What I worried about: forgetting to check one night and missing an intrusion. What actually happened: the checks became automatic. It is like locking your front door. You do not debate it every night. You just do it.

The Bottom Line

Exposing a local LLM to the internet is a risk calculation. Port forwarding is fast, free, and dangerous. Cloudflare Tunnel is slightly more work, still free, and dramatically safer. The gap in security is not incremental — it is categorical. An open port is discoverable. A tunnel is not.

Add authentication so guessing your URL is not enough. Add rate limiting so your own mistakes do not hurt you. Add monitoring so you know when the world changes. Then sleep soundly.

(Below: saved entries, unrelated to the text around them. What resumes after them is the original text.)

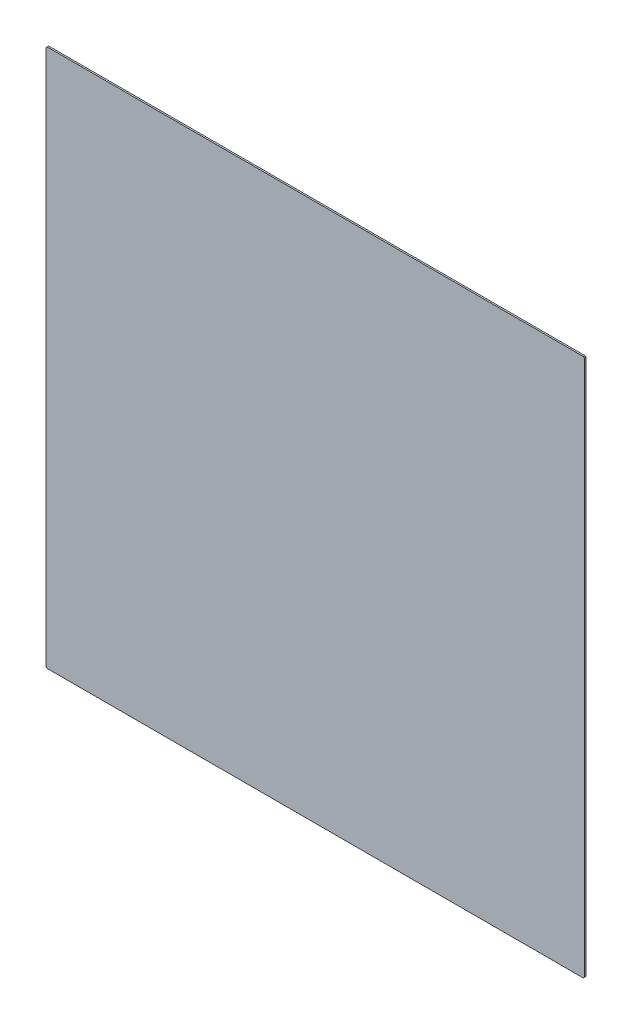
ISO-10303-21;
HEADER;
FILE_DESCRIPTION(('STEP AP214'),'2;1');
FILE_NAME('part.step','',(''),(''),'','','');
FILE_SCHEMA(('AUTOMOTIVE_DESIGN { 1 0 10303 214 1 1 1 1 }'));
ENDSEC;
DATA;
#1=APPLICATION_CONTEXT('core data for automotive mechanical design processes');
#2=APPLICATION_PROTOCOL_DEFINITION('international standard','automotive_design',2000,#1);
#3=PRODUCT_CONTEXT('',#1,'mechanical');
#4=PRODUCT('Part','Part','',(#3));
#5=PRODUCT_RELATED_PRODUCT_CATEGORY('part','',(#4));
#6=PRODUCT_DEFINITION_FORMATION('','',#4);
#7=PRODUCT_DEFINITION_CONTEXT('part definition',#1,'design');
#8=PRODUCT_DEFINITION('design','',#6,#7);
#9=PRODUCT_DEFINITION_SHAPE('','',#8);
#10=(LENGTH_UNIT() NAMED_UNIT(*) SI_UNIT(.MILLI.,.METRE.));
#11=(NAMED_UNIT(*) PLANE_ANGLE_UNIT() SI_UNIT($,.RADIAN.));
#12=(NAMED_UNIT(*) SI_UNIT($,.STERADIAN.) SOLID_ANGLE_UNIT());
#13=UNCERTAINTY_MEASURE_WITH_UNIT(LENGTH_MEASURE(1.E-05),#10,'distance_accuracy_value','');
#14=(GEOMETRIC_REPRESENTATION_CONTEXT(3) GLOBAL_UNCERTAINTY_ASSIGNED_CONTEXT((#13)) GLOBAL_UNIT_ASSIGNED_CONTEXT((#10,
#11,#12)) REPRESENTATION_CONTEXT('',''));
#15=CARTESIAN_POINT('',(0.,0.,0.));
#16=DIRECTION('',(0.,0.,1.));
#17=DIRECTION('',(1.,0.,0.));
#18=AXIS2_PLACEMENT_3D('',#15,#16,#17);
#19=CARTESIAN_POINT('',(520.,520.,-3.));
#20=DIRECTION('',(1.,0.,0.));
#21=DIRECTION('',(0.,1.,0.));
#22=AXIS2_PLACEMENT_3D('',#19,#20,#21);
#23=PLANE('',#22);
#24=DIRECTION('',(0.,1.,0.));
#25=VECTOR('',#24,1.);
#26=CARTESIAN_POINT('',(520.,520.,-3.));
#27=LINE('',#26,#25);
#28=CARTESIAN_POINT('',(520.,-518.,-3.));
#29=VERTEX_POINT('',#28);
#30=CARTESIAN_POINT('',(520.,518.,-3.));
#31=VERTEX_POINT('',#30);
#32=EDGE_CURVE('E194',#29,#31,#27,.T.);
#33=ORIENTED_EDGE('',*,*,#32,.T.);
#34=DIRECTION('',(0.,0.,1.));
#35=VECTOR('',#34,1.);
#36=CARTESIAN_POINT('',(520.,518.,-3.));
#37=LINE('',#36,#35);
#38=CARTESIAN_POINT('',(520.,518.,0.));
#39=VERTEX_POINT('',#38);
#40=EDGE_CURVE('E123',#31,#39,#37,.T.);
#41=ORIENTED_EDGE('',*,*,#40,.T.);
#42=DIRECTION('',(0.,1.,0.));
#43=VECTOR('',#42,1.);
#44=CARTESIAN_POINT('',(520.,520.,0.));
#45=LINE('',#44,#43);
#46=CARTESIAN_POINT('',(520.,-518.,0.));
#47=VERTEX_POINT('',#46);
#48=EDGE_CURVE('E114',#47,#39,#45,.T.);
#49=ORIENTED_EDGE('',*,*,#48,.F.);
#50=DIRECTION('',(0.,0.,-1.));
#51=VECTOR('',#50,1.);
#52=CARTESIAN_POINT('',(520.,-518.,-3.));
#53=LINE('',#52,#51);
#54=EDGE_CURVE('E128',#47,#29,#53,.T.);
#55=ORIENTED_EDGE('',*,*,#54,.T.);
#56=EDGE_LOOP('',(#33,#41,#49,#55));
#57=FACE_BOUND('',#56,.T.);
#58=ADVANCED_FACE('F43',(#57),#23,.T.);
#59=CARTESIAN_POINT('',(-520.,-520.,-3.));
#60=DIRECTION('',(0.,-1.,0.));
#61=DIRECTION('',(0.,0.,-1.));
#62=AXIS2_PLACEMENT_3D('',#59,#60,#61);
#63=PLANE('',#62);
#64=DIRECTION('',(1.,0.,0.));
#65=VECTOR('',#64,1.);
#66=CARTESIAN_POINT('',(-520.,-520.,0.));
#67=LINE('',#66,#65);
#68=CARTESIAN_POINT('',(-518.,-520.,0.));
#69=VERTEX_POINT('',#68);
#70=CARTESIAN_POINT('',(518.,-520.,0.));
#71=VERTEX_POINT('',#70);
#72=EDGE_CURVE('E116',#69,#71,#67,.T.);
#73=ORIENTED_EDGE('',*,*,#72,.F.);
#74=DIRECTION('',(0.,0.,-1.));
#75=VECTOR('',#74,1.);
#76=CARTESIAN_POINT('',(-518.,-520.,-3.));
#77=LINE('',#76,#75);
#78=CARTESIAN_POINT('',(-518.,-520.,-3.));
#79=VERTEX_POINT('',#78);
#80=EDGE_CURVE('E11',#69,#79,#77,.T.);
#81=ORIENTED_EDGE('',*,*,#80,.T.);
#82=DIRECTION('',(1.,0.,0.));
#83=VECTOR('',#82,1.);
#84=CARTESIAN_POINT('',(-520.,-520.,-3.));
#85=LINE('',#84,#83);
#86=CARTESIAN_POINT('',(518.,-520.,-3.));
#87=VERTEX_POINT('',#86);
#88=EDGE_CURVE('E137',#79,#87,#85,.T.);
#89=ORIENTED_EDGE('',*,*,#88,.T.);
#90=DIRECTION('',(0.,0.,1.));
#91=VECTOR('',#90,1.);
#92=CARTESIAN_POINT('',(518.,-520.,-3.));
#93=LINE('',#92,#91);
#94=EDGE_CURVE('E53',#87,#71,#93,.T.);
#95=ORIENTED_EDGE('',*,*,#94,.T.);
#96=EDGE_LOOP('',(#73,#81,#89,#95));
#97=FACE_BOUND('',#96,.T.);
#98=ADVANCED_FACE('F180',(#97),#63,.T.);
#99=CARTESIAN_POINT('',(-520.,520.,-3.));
#100=DIRECTION('',(-1.,0.,0.));
#101=DIRECTION('',(0.,0.,1.));
#102=AXIS2_PLACEMENT_3D('',#99,#100,#101);
#103=PLANE('',#102);
#104=DIRECTION('',(0.,-1.,0.));
#105=VECTOR('',#104,1.);
#106=CARTESIAN_POINT('',(-520.,520.,0.));
#107=LINE('',#106,#105);
#108=CARTESIAN_POINT('',(-520.,518.,0.));
#109=VERTEX_POINT('',#108);
#110=CARTESIAN_POINT('',(-520.,-518.,0.));
#111=VERTEX_POINT('',#110);
#112=EDGE_CURVE('E189',#109,#111,#107,.T.);
#113=ORIENTED_EDGE('',*,*,#112,.F.);
#114=DIRECTION('',(0.,0.,-1.));
#115=VECTOR('',#114,1.);
#116=CARTESIAN_POINT('',(-520.,518.,-3.));
#117=LINE('',#116,#115);
#118=CARTESIAN_POINT('',(-520.,518.,-3.));
#119=VERTEX_POINT('',#118);
#120=EDGE_CURVE('E67',#109,#119,#117,.T.);
#121=ORIENTED_EDGE('',*,*,#120,.T.);
#122=DIRECTION('',(0.,-1.,0.));
#123=VECTOR('',#122,1.);
#124=CARTESIAN_POINT('',(-520.,520.,-3.));
#125=LINE('',#124,#123);
#126=CARTESIAN_POINT('',(-520.,-518.,-3.));
#127=VERTEX_POINT('',#126);
#128=EDGE_CURVE('E143',#119,#127,#125,.T.);
#129=ORIENTED_EDGE('',*,*,#128,.T.);
#130=DIRECTION('',(0.,0.,1.));
#131=VECTOR('',#130,1.);
#132=CARTESIAN_POINT('',(-520.,-518.,-3.));
#133=LINE('',#132,#131);
#134=EDGE_CURVE('E173',#127,#111,#133,.T.);
#135=ORIENTED_EDGE('',*,*,#134,.T.);
#136=EDGE_LOOP('',(#113,#121,#129,#135));
#137=FACE_BOUND('',#136,.T.);
#138=ADVANCED_FACE('F188',(#137),#103,.T.);
#139=CARTESIAN_POINT('',(-520.,520.,-3.));
#140=DIRECTION('',(0.,1.,0.));
#141=DIRECTION('',(0.,0.,1.));
#142=AXIS2_PLACEMENT_3D('',#139,#140,#141);
#143=PLANE('',#142);
#144=DIRECTION('',(-1.,0.,0.));
#145=VECTOR('',#144,1.);
#146=CARTESIAN_POINT('',(-520.,520.,0.));
#147=LINE('',#146,#145);
#148=CARTESIAN_POINT('',(518.,520.,0.));
#149=VERTEX_POINT('',#148);
#150=CARTESIAN_POINT('',(-518.,520.,0.));
#151=VERTEX_POINT('',#150);
#152=EDGE_CURVE('E132',#149,#151,#147,.T.);
#153=ORIENTED_EDGE('',*,*,#152,.F.);
#154=DIRECTION('',(0.,0.,-1.));
#155=VECTOR('',#154,1.);
#156=CARTESIAN_POINT('',(518.,520.,-3.));
#157=LINE('',#156,#155);
#158=CARTESIAN_POINT('',(518.,520.,-3.));
#159=VERTEX_POINT('',#158);
#160=EDGE_CURVE('E160',#149,#159,#157,.T.);
#161=ORIENTED_EDGE('',*,*,#160,.T.);
#162=DIRECTION('',(-1.,0.,0.));
#163=VECTOR('',#162,1.);
#164=CARTESIAN_POINT('',(-520.,520.,-3.));
#165=LINE('',#164,#163);
#166=CARTESIAN_POINT('',(-518.,520.,-3.));
#167=VERTEX_POINT('',#166);
#168=EDGE_CURVE('E199',#159,#167,#165,.T.);
#169=ORIENTED_EDGE('',*,*,#168,.T.);
#170=DIRECTION('',(0.,0.,1.));
#171=VECTOR('',#170,1.);
#172=CARTESIAN_POINT('',(-518.,520.,-3.));
#173=LINE('',#172,#171);
#174=EDGE_CURVE('E156',#167,#151,#173,.T.);
#175=ORIENTED_EDGE('',*,*,#174,.T.);
#176=EDGE_LOOP('',(#153,#161,#169,#175));
#177=FACE_BOUND('',#176,.T.);
#178=ADVANCED_FACE('F210',(#177),#143,.T.);
#179=CARTESIAN_POINT('',(0.,0.,-3.));
#180=DIRECTION('',(0.,0.,1.));
#181=DIRECTION('',(1.,0.,0.));
#182=AXIS2_PLACEMENT_3D('',#179,#180,#181);
#183=PLANE('',#182);
#184=ORIENTED_EDGE('',*,*,#168,.F.);
#185=DIRECTION('',(-0.707106781186548,0.707106781186548,0.));
#186=VECTOR('',#185,1.);
#187=CARTESIAN_POINT('',(520.,518.,-3.));
#188=LINE('',#187,#186);
#189=EDGE_CURVE('E170',#159,#31,#188,.F.);
#190=ORIENTED_EDGE('',*,*,#189,.T.);
#191=ORIENTED_EDGE('',*,*,#32,.F.);
#192=DIRECTION('',(0.707106781186489,0.707106781186606,0.));
#193=VECTOR('',#192,1.);
#194=CARTESIAN_POINT('',(518.,-520.,-3.));
#195=LINE('',#194,#193);
#196=EDGE_CURVE('E135',#29,#87,#195,.F.);
#197=ORIENTED_EDGE('',*,*,#196,.T.);
#198=ORIENTED_EDGE('',*,*,#88,.F.);
#199=DIRECTION('',(0.707106781186528,-0.707106781186567,0.));
#200=VECTOR('',#199,1.);
#201=CARTESIAN_POINT('',(-520.,-518.,-3.));
#202=LINE('',#201,#200);
#203=EDGE_CURVE('E60',#79,#127,#202,.F.);
#204=ORIENTED_EDGE('',*,*,#203,.T.);
#205=ORIENTED_EDGE('',*,*,#128,.F.);
#206=DIRECTION('',(-0.707106781186548,-0.707106781186548,0.));
#207=VECTOR('',#206,1.);
#208=CARTESIAN_POINT('',(-518.,520.,-3.));
#209=LINE('',#208,#207);
#210=EDGE_CURVE('E167',#119,#167,#209,.F.);
#211=ORIENTED_EDGE('',*,*,#210,.T.);
#212=EDGE_LOOP('',(#184,#190,#191,#197,#198,#204,#205,#211));
#213=FACE_BOUND('',#212,.T.);
#214=ADVANCED_FACE('F183',(#213),#183,.F.);
#215=CARTESIAN_POINT('',(0.,0.,0.));
#216=DIRECTION('',(0.,0.,1.));
#217=DIRECTION('',(1.,0.,0.));
#218=AXIS2_PLACEMENT_3D('',#215,#216,#217);
#219=PLANE('',#218);
#220=ORIENTED_EDGE('',*,*,#48,.T.);
#221=DIRECTION('',(0.707106781186548,-0.707106781186548,0.));
#222=VECTOR('',#221,1.);
#223=CARTESIAN_POINT('',(519.,519.,0.));
#224=LINE('',#223,#222);
#225=EDGE_CURVE('E153',#39,#149,#224,.F.);
#226=ORIENTED_EDGE('',*,*,#225,.T.);
#227=ORIENTED_EDGE('',*,*,#152,.T.);
#228=DIRECTION('',(0.707106781186548,0.707106781186548,0.));
#229=VECTOR('',#228,1.);
#230=CARTESIAN_POINT('',(-519.,519.,0.));
#231=LINE('',#230,#229);
#232=EDGE_CURVE('E150',#151,#109,#231,.F.);
#233=ORIENTED_EDGE('',*,*,#232,.T.);
#234=ORIENTED_EDGE('',*,*,#112,.T.);
#235=DIRECTION('',(-0.707106781186528,0.707106781186567,0.));
#236=VECTOR('',#235,1.);
#237=CARTESIAN_POINT('',(-519.000000000014,-518.999999999986,0.));
#238=LINE('',#237,#236);
#239=EDGE_CURVE('E122',#111,#69,#238,.F.);
#240=ORIENTED_EDGE('',*,*,#239,.T.);
#241=ORIENTED_EDGE('',*,*,#72,.T.);
#242=DIRECTION('',(-0.707106781186489,-0.707106781186606,0.));
#243=VECTOR('',#242,1.);
#244=CARTESIAN_POINT('',(519.000000000043,-518.999999999957,0.));
#245=LINE('',#244,#243);
#246=EDGE_CURVE('E111',#71,#47,#245,.F.);
#247=ORIENTED_EDGE('',*,*,#246,.T.);
#248=EDGE_LOOP('',(#220,#226,#227,#233,#234,#240,#241,#247));
#249=FACE_BOUND('',#248,.T.);
#250=ADVANCED_FACE('F113',(#249),#219,.T.);
#251=CARTESIAN_POINT('',(520.,518.,-3.));
#252=DIRECTION('',(-0.707106781186548,-0.707106781186548,0.));
#253=DIRECTION('',(0.,0.,1.));
#254=AXIS2_PLACEMENT_3D('',#251,#252,#253);
#255=PLANE('',#254);
#256=ORIENTED_EDGE('',*,*,#189,.F.);
#257=ORIENTED_EDGE('',*,*,#160,.F.);
#258=ORIENTED_EDGE('',*,*,#225,.F.);
#259=ORIENTED_EDGE('',*,*,#40,.F.);
#260=EDGE_LOOP('',(#256,#257,#258,#259));
#261=FACE_BOUND('',#260,.T.);
#262=ADVANCED_FACE('F206',(#261),#255,.F.);
#263=CARTESIAN_POINT('',(-518.,520.,-3.));
#264=DIRECTION('',(0.707106781186547,-0.707106781186547,0.));
#265=DIRECTION('',(0.,0.,1.));
#266=AXIS2_PLACEMENT_3D('',#263,#264,#265);
#267=PLANE('',#266);
#268=ORIENTED_EDGE('',*,*,#210,.F.);
#269=ORIENTED_EDGE('',*,*,#120,.F.);
#270=ORIENTED_EDGE('',*,*,#232,.F.);
#271=ORIENTED_EDGE('',*,*,#174,.F.);
#272=EDGE_LOOP('',(#268,#269,#270,#271));
#273=FACE_BOUND('',#272,.T.);
#274=ADVANCED_FACE('F214',(#273),#267,.F.);
#275=CARTESIAN_POINT('',(-520.,-518.,-3.));
#276=DIRECTION('',(0.707106781186567,0.707106781186528,0.));
#277=DIRECTION('',(0.,0.,1.));
#278=AXIS2_PLACEMENT_3D('',#275,#276,#277);
#279=PLANE('',#278);
#280=ORIENTED_EDGE('',*,*,#203,.F.);
#281=ORIENTED_EDGE('',*,*,#80,.F.);
#282=ORIENTED_EDGE('',*,*,#239,.F.);
#283=ORIENTED_EDGE('',*,*,#134,.F.);
#284=EDGE_LOOP('',(#280,#281,#282,#283));
#285=FACE_BOUND('',#284,.T.);
#286=ADVANCED_FACE('F186',(#285),#279,.F.);
#287=CARTESIAN_POINT('',(518.,-520.,-3.));
#288=DIRECTION('',(-0.707106781186606,0.707106781186489,0.));
#289=DIRECTION('',(0.,0.,1.));
#290=AXIS2_PLACEMENT_3D('',#287,#288,#289);
#291=PLANE('',#290);
#292=ORIENTED_EDGE('',*,*,#196,.F.);
#293=ORIENTED_EDGE('',*,*,#54,.F.);
#294=ORIENTED_EDGE('',*,*,#246,.F.);
#295=ORIENTED_EDGE('',*,*,#94,.F.);
#296=EDGE_LOOP('',(#292,#293,#294,#295));
#297=FACE_BOUND('',#296,.T.);
#298=ADVANCED_FACE('F46',(#297),#291,.F.);
#299=CLOSED_SHELL('',(#58,#98,#138,#178,#214,#250,#262,#274,#286,#298));
#300=MANIFOLD_SOLID_BREP('B2',#299);
#301=ADVANCED_BREP_SHAPE_REPRESENTATION('',(#18,#300),#14);
#302=SHAPE_DEFINITION_REPRESENTATION(#9,#301);
ENDSEC;
END-ISO-10303-21;

My total cost: $0 for Cloudflare, $0 for software, about 90 minutes of initial configuration, and 45 seconds per night of maintenance. My benefit: unlimited access to my own model from anywhere, with no API bills and no 3 AM anxiety about open ports.

If you are currently port forwarding, close it today. Install Cloudflare Tunnel this weekend. The time you spend now could save you weeks of recovery later.